# 50 impressions of grey NSFW



## Ozriel (Dec 11, 2012)

NSFW NSFA

[yt]iqkNYfKZV6s[/yt]


----------



## Validuz (Dec 11, 2012)

Just started watching it but i felt i had to comment right away... George Takei's "Oh My~." xD


Edit: Many of these were really, really good. The arnold part made me shiver though... That voice should not be used with that sentence.. XD


----------



## Ozriel (Dec 11, 2012)

Validuz said:


> Just started watching it but i felt i had to comment right away... George Takei's "Oh My~." xD



Indeed. Oh my!


----------



## Namba (Dec 11, 2012)

"I feel his erection... Oh bother!"
-Winnie the Pooh


----------



## Ranguvar (Dec 11, 2012)

Is it weird that I am wet right now?


----------



## Ramses (Dec 11, 2012)

William Shatner needs to read the audio book.

William.
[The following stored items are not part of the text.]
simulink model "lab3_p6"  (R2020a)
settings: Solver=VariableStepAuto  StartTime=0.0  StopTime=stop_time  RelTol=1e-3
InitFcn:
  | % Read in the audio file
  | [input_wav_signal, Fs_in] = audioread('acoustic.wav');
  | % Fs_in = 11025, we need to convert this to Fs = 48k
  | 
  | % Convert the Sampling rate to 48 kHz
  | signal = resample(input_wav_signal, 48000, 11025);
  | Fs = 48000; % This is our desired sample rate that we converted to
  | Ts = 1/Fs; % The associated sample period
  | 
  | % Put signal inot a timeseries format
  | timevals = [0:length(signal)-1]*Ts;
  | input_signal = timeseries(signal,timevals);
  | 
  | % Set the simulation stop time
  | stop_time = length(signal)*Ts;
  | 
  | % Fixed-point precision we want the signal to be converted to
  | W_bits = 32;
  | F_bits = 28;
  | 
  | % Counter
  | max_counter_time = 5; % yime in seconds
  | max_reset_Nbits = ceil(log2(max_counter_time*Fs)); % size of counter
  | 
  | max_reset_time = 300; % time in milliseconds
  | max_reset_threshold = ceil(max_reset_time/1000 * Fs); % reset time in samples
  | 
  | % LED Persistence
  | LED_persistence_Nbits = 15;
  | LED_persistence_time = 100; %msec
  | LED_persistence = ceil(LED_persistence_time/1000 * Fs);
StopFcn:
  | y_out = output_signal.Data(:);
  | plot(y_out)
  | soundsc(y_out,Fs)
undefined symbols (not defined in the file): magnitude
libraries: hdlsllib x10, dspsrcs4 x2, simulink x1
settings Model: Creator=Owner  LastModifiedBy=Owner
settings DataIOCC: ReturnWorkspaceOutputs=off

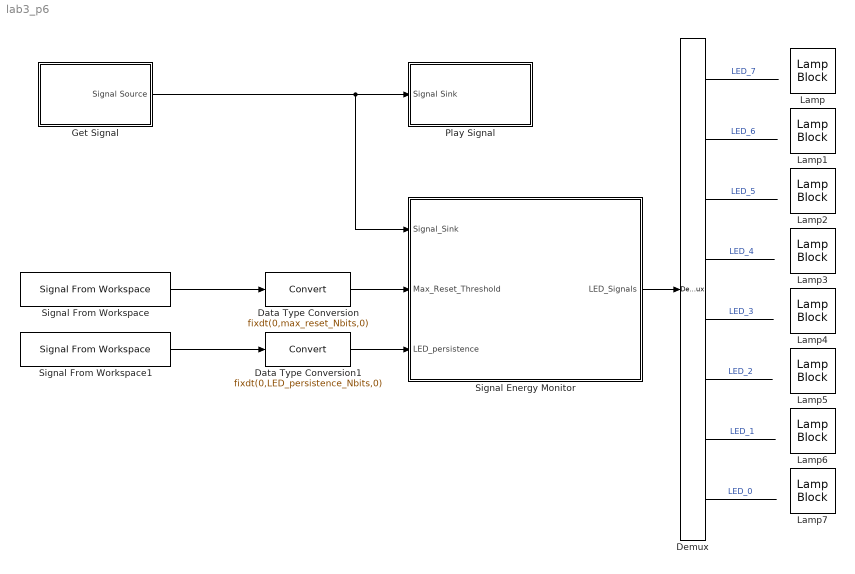
== system lab3_p6 ==
  Data Type Conversion : DataTypeConversion  OutDataTypeStr=fixdt(0,max_reset_Nbits,0)
  Data Type Conversion1 : DataTypeConversion  OutDataTypeStr=fixdt(0,LED_persistence_Nbits,0)
  Demux : Demux  Outputs=8
  Get Signal : Subsystem
  Lamp{,1..7} (8 alike) : LampBlock
  Play Signal : Subsystem
  Signal Energy Monitor : Subsystem
  Signal From Workspace : dspsrcs4/Signal From Workspace  X=max_reset_threshold  Ts=Ts  nsamps=1  OutputAfterFinalValue=Holding final value  ignoreOrWarnInputAndFrameLengths=off  OutputFrames=off
  Signal From Workspace1 : dspsrcs4/Signal From Workspace  X=LED_persistence  Ts=Ts  nsamps=1  OutputAfterFinalValue=Holding final value  ignoreOrWarnInputAndFrameLengths=off  OutputFrames=off
  wires:
  Get Signal/1(Signal Source) -> Signal Energy Monitor/1(Signal_Sink), Play Signal/1(Signal Sink)
  Signal Energy Monitor/1(LED_Signals) -> Demux/1
  Data Type Conversion/1 -> Signal Energy Monitor/2(Max_Reset_Threshold)
  Signal From Workspace/1 -> Data Type Conversion/1
  Demux/1 -> ?  "LED_7"
  Demux/2 -> ?  "LED_6"
  Demux/3 -> ?  "LED_5"
  Demux/4 -> ?  "LED_4"
  Demux/5 -> ?  "LED_3"
  Demux/6 -> ?  "LED_2"
  Demux/7 -> ?  "LED_1"
  Demux/8 -> ?  "LED_0"
  Signal From Workspace1/1 -> Data Type Conversion1/1
  Data Type Conversion1/1 -> Signal Energy Monitor/3(LED_persistence)

== system lab3_p6/Get Signal ==
  Data Type Conversion : DataTypeConversion  OutDataTypeStr=fixdt(1,W_bits,F_bits)
  From Workspace : FromWorkspace  VariableName=input_signal  SampleTime=Ts
  Signal Source : Outport
  wires:
  From Workspace/1 -> Data Type Conversion/1
  Data Type Conversion/1 -> Signal Source/1

== system lab3_p6/Play Signal ==
  Signal Sink : Inport
  Data Type Conversion1 : DataTypeConversion  OutDataTypeStr=double
  To Workspace : ToWorkspace  VariableName=output_signal  SaveFormat=Timeseries  SampleTime=-1
  wires:
  Data Type Conversion1/1 -> To Workspace/1
  Signal Sink/1 -> Data Type Conversion1/1

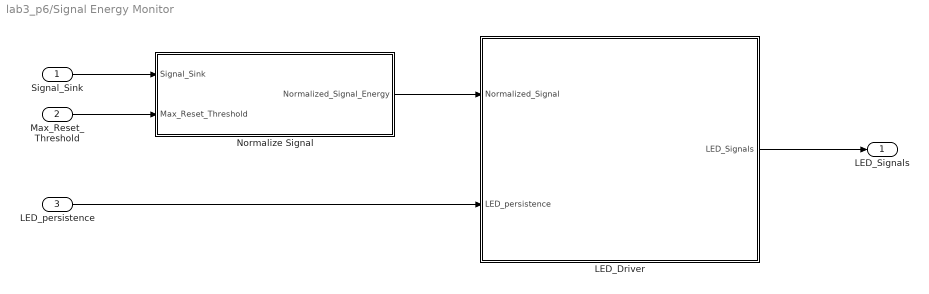
== system lab3_p6/Signal Energy Monitor ==
  Signal_Sink : Inport
  Max_Reset_Threshold : Inport  Port=2
  LED_persistence : Inport  Port=3
  LED_Driver : Subsystem
  Normalize Signal : Subsystem
  LED_Signals : Outport  VectorParamsAs1DForOutWhenUnconnected=off
  wires:
  Signal_Sink/1 -> Normalize Signal/1(Signal_Sink)
  Max_Reset_Threshold/1 -> Normalize Signal/2(Max_Reset_Threshold)
  Normalize Signal/1(Normalized_Signal_Energy) -> LED_Driver/1(Normalized_Signal)
  LED_Driver/1(LED_Signals) -> LED_Signals/1
  LED_persistence/1 -> LED_Driver/2(LED_persistence)

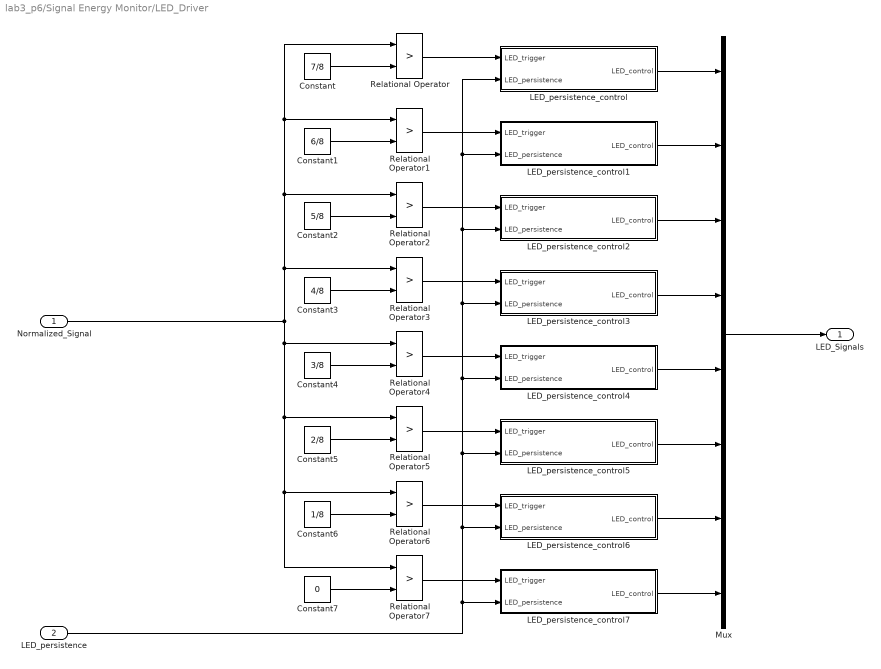
== system lab3_p6/Signal Energy Monitor/LED_Driver ==
  Normalized_Signal : Inport
  LED_persistence : Inport  Port=2
  Constant : Constant  Value=7/8  OutDataTypeStr=fixdt(1,W_bits,F_bits)  SampleTime=Ts
  Constant1 : Constant  Value=6/8  OutDataTypeStr=fixdt(1,W_bits,F_bits)  SampleTime=Ts
  Constant2 : Constant  Value=5/8  OutDataTypeStr=fixdt(1,W_bits,F_bits)  SampleTime=Ts
  Constant3 : Constant  Value=4/8  OutDataTypeStr=fixdt(1,W_bits,F_bits)  SampleTime=Ts
  Constant4 : Constant  Value=3/8  OutDataTypeStr=fixdt(1,W_bits,F_bits)  SampleTime=Ts
  Constant5 : Constant  Value=2/8  OutDataTypeStr=fixdt(1,W_bits,F_bits)  SampleTime=Ts
  Constant6 : Constant  Value=1/8  OutDataTypeStr=fixdt(1,W_bits,F_bits)  SampleTime=Ts
  Constant7 : Constant  Value=0  OutDataTypeStr=fixdt(1,W_bits,F_bits)  SampleTime=Ts
  LED_persistence_control : Subsystem
  LED_persistence_control1 : Subsystem
  LED_persistence_control2 : Subsystem
  LED_persistence_control3 : Subsystem
  LED_persistence_control4 : Subsystem
  LED_persistence_control5 : Subsystem
  LED_persistence_control6 : Subsystem
  LED_persistence_control7 : Subsystem
  Mux : Mux  Inputs=8
  Relational Operator{,1..7} (8 alike) : RelationalOperator  Operator=>  OutDataTypeStr=boolean  RndMeth=Nearest
  LED_Signals : Outport
  wires:
  Constant/1 -> Relational Operator/2
  Normalized_Signal/1 -> Relational Operator4/1, Relational Operator5/1, Relational Operator7/1, Relational Operator6/1, Relational Operator/1, Relational Operator1/1, Relational Operator2/1, Relational Operator3/1
  Constant1/1 -> Relational Operator1/2
  Constant2/1 -> Relational Operator2/2
  Constant3/1 -> Relational Operator3/2
  Constant4/1 -> Relational Operator4/2
  Constant5/1 -> Relational Operator5/2
  Constant6/1 -> Relational Operator6/2
  Constant7/1 -> Relational Operator7/2
  Mux/1 -> LED_Signals/1
  Relational Operator/1 -> LED_persistence_control/1(LED_trigger)
  LED_persistence_control/1(LED_control) -> Mux/1
  Relational Operator1/1 -> LED_persistence_control1/1(LED_trigger)
  Relational Operator2/1 -> LED_persistence_control2/1(LED_trigger)
  Relational Operator3/1 -> LED_persistence_control3/1(LED_trigger)
  Relational Operator4/1 -> LED_persistence_control4/1(LED_trigger)
  Relational Operator5/1 -> LED_persistence_control5/1(LED_trigger)
  LED_persistence/1 -> LED_persistence_control7/2(LED_persistence), LED_persistence_control6/2(LED_persistence), LED_persistence_control5/2(LED_persistence), LED_persistence_control4/2(LED_persistence), LED_persistence_control3/2(LED_persistence), LED_persistence_control2/2(LED_persistence), LED_persistence_control1/2(LED_persistence), LED_persistence_control/2(LED_persistence)
  Relational Operator6/1 -> LED_persistence_control6/1(LED_trigger)
  Relational Operator7/1 -> LED_persistence_control7/1(LED_trigger)
  LED_persistence_control7/1(LED_control) -> Mux/8
  LED_persistence_control6/1(LED_control) -> Mux/7
  LED_persistence_control5/1(LED_control) -> Mux/6
  LED_persistence_control4/1(LED_control) -> Mux/5
  LED_persistence_control3/1(LED_control) -> Mux/4
  LED_persistence_control2/1(LED_control) -> Mux/3
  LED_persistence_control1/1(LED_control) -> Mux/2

Shatner.
Must.
Read.

The.

Audio. Book.


----------



## Sarcastic Coffeecup (Dec 12, 2012)

Holy hell this is so funny


----------



## HipsterCoyote (Dec 12, 2012)

Oh my God

Right in the childhood 

BUT THIS WAS HILARIOUS


----------



## Anubite (Dec 12, 2012)

I am laughing so hard, hank hill and Cosby, so funny haha.


----------



## Kosdu (Dec 12, 2012)

Oh my gosh! XD

that was hilarious



the first southern accent set me off laughing


----------



## moonlightserenity (Jan 6, 2013)

Bwahahaha......
That was epic.


----------